_Problem statement_
Please work out how many lines in the data below hold the word "DIRECTION", and state only the number.

_Records from a collection_
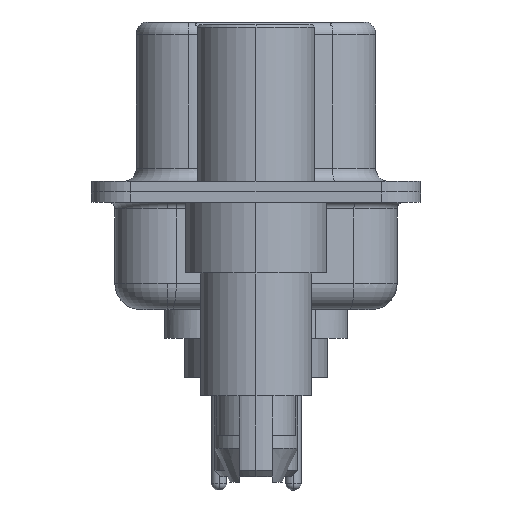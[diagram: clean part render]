
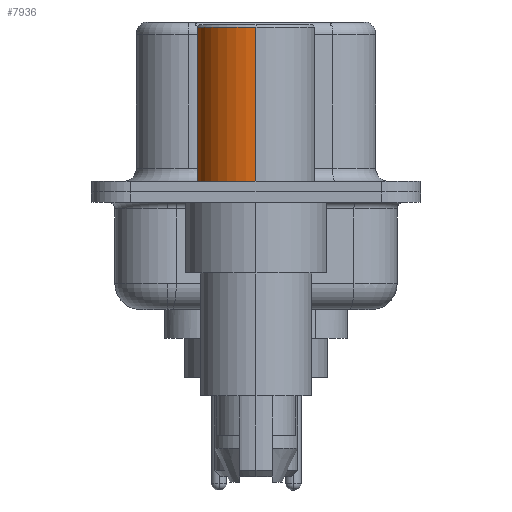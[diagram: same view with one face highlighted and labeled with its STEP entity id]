
A CAD part, left-side view. The second image highlights one B-rep face of the part: STEP entity #7936.
In plain terms, the highlighted cylindrical face has radius 2.25 mm (diameter 4.5 mm), a partial arc.
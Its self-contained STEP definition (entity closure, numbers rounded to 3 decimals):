
#242 = VERTEX_POINT ( 'NONE', #6954 ) ;
#758 = DIRECTION ( 'NONE',  ( 0., 0., 1. ) ) ;
#1194 = ORIENTED_EDGE ( 'NONE', *, *, #12641, .F. ) ;
#1562 = LINE ( 'NONE', #15062, #9054 ) ;
#1607 = DIRECTION ( 'NONE',  ( 0., 0., 1. ) ) ;
#3066 = LINE ( 'NONE', #4865, #14656 ) ;
#4865 = CARTESIAN_POINT ( 'NONE',  ( 2.25, 0., 0.581 ) ) ;
#4998 = CARTESIAN_POINT ( 'NONE',  ( 2.25, 0., 0.4 ) ) ;
#5169 = EDGE_CURVE ( 'NONE', #11987, #242, #18053, .T. ) ;
#5299 = CARTESIAN_POINT ( 'NONE',  ( 0., 0., 0.581 ) ) ;
#5730 = AXIS2_PLACEMENT_3D ( 'NONE', #5299, #758, #9748 ) ;
#6954 = CARTESIAN_POINT ( 'NONE',  ( -2.25, 0., 0.4 ) ) ;
#7495 = DIRECTION ( 'NONE',  ( 0., 0., 1. ) ) ;
#7715 = EDGE_CURVE ( 'NONE', #11987, #9203, #3066, .T. ) ;
#7719 = AXIS2_PLACEMENT_3D ( 'NONE', #14382, #9281, #7769 ) ;
#7769 = DIRECTION ( 'NONE',  ( 1., 0., 0. ) ) ;
#7936 = ADVANCED_FACE ( 'NONE', ( #12296 ), #15853, .T. ) ;
#8192 = CARTESIAN_POINT ( 'NONE',  ( 2.25, 0., 6.3 ) ) ;
#9054 = VECTOR ( 'NONE', #7495, 1000. ) ;
#9203 = VERTEX_POINT ( 'NONE', #8192 ) ;
#9281 = DIRECTION ( 'NONE',  ( 0., 0., 1. ) ) ;
#9748 = DIRECTION ( 'NONE',  ( 1., 0., 0. ) ) ;
#10099 = EDGE_LOOP ( 'NONE', ( #11626, #15228, #1194, #15936 ) ) ;
#10136 = EDGE_CURVE ( 'NONE', #242, #10554, #1562, .T. ) ;
#10554 = VERTEX_POINT ( 'NONE', #11896 ) ;
#10615 = CARTESIAN_POINT ( 'NONE',  ( 0., 0., 6.3 ) ) ;
#11626 = ORIENTED_EDGE ( 'NONE', *, *, #5169, .T. ) ;
#11896 = CARTESIAN_POINT ( 'NONE',  ( -2.25, 0., 6.3 ) ) ;
#11987 = VERTEX_POINT ( 'NONE', #4998 ) ;
#12182 = DIRECTION ( 'NONE',  ( 1., 0., 0. ) ) ;
#12296 = FACE_OUTER_BOUND ( 'NONE', #10099, .T. ) ;
#12641 = EDGE_CURVE ( 'NONE', #9203, #10554, #15183, .T. ) ;
#14382 = CARTESIAN_POINT ( 'NONE',  ( 0., 0., 0.4 ) ) ;
#14656 = VECTOR ( 'NONE', #18424, 1000. ) ;
#15062 = CARTESIAN_POINT ( 'NONE',  ( -2.25, 0., 0.581 ) ) ;
#15176 = AXIS2_PLACEMENT_3D ( 'NONE', #10615, #1607, #12182 ) ;
#15183 = CIRCLE ( 'NONE', #15176, 2.25 ) ;
#15228 = ORIENTED_EDGE ( 'NONE', *, *, #10136, .T. ) ;
#15853 = CYLINDRICAL_SURFACE ( 'NONE', #5730, 2.25 ) ;
#15936 = ORIENTED_EDGE ( 'NONE', *, *, #7715, .F. ) ;
#18053 = CIRCLE ( 'NONE', #7719, 2.25 ) ;
#18424 = DIRECTION ( 'NONE',  ( 0., 0., 1. ) ) ;

_Task response_
8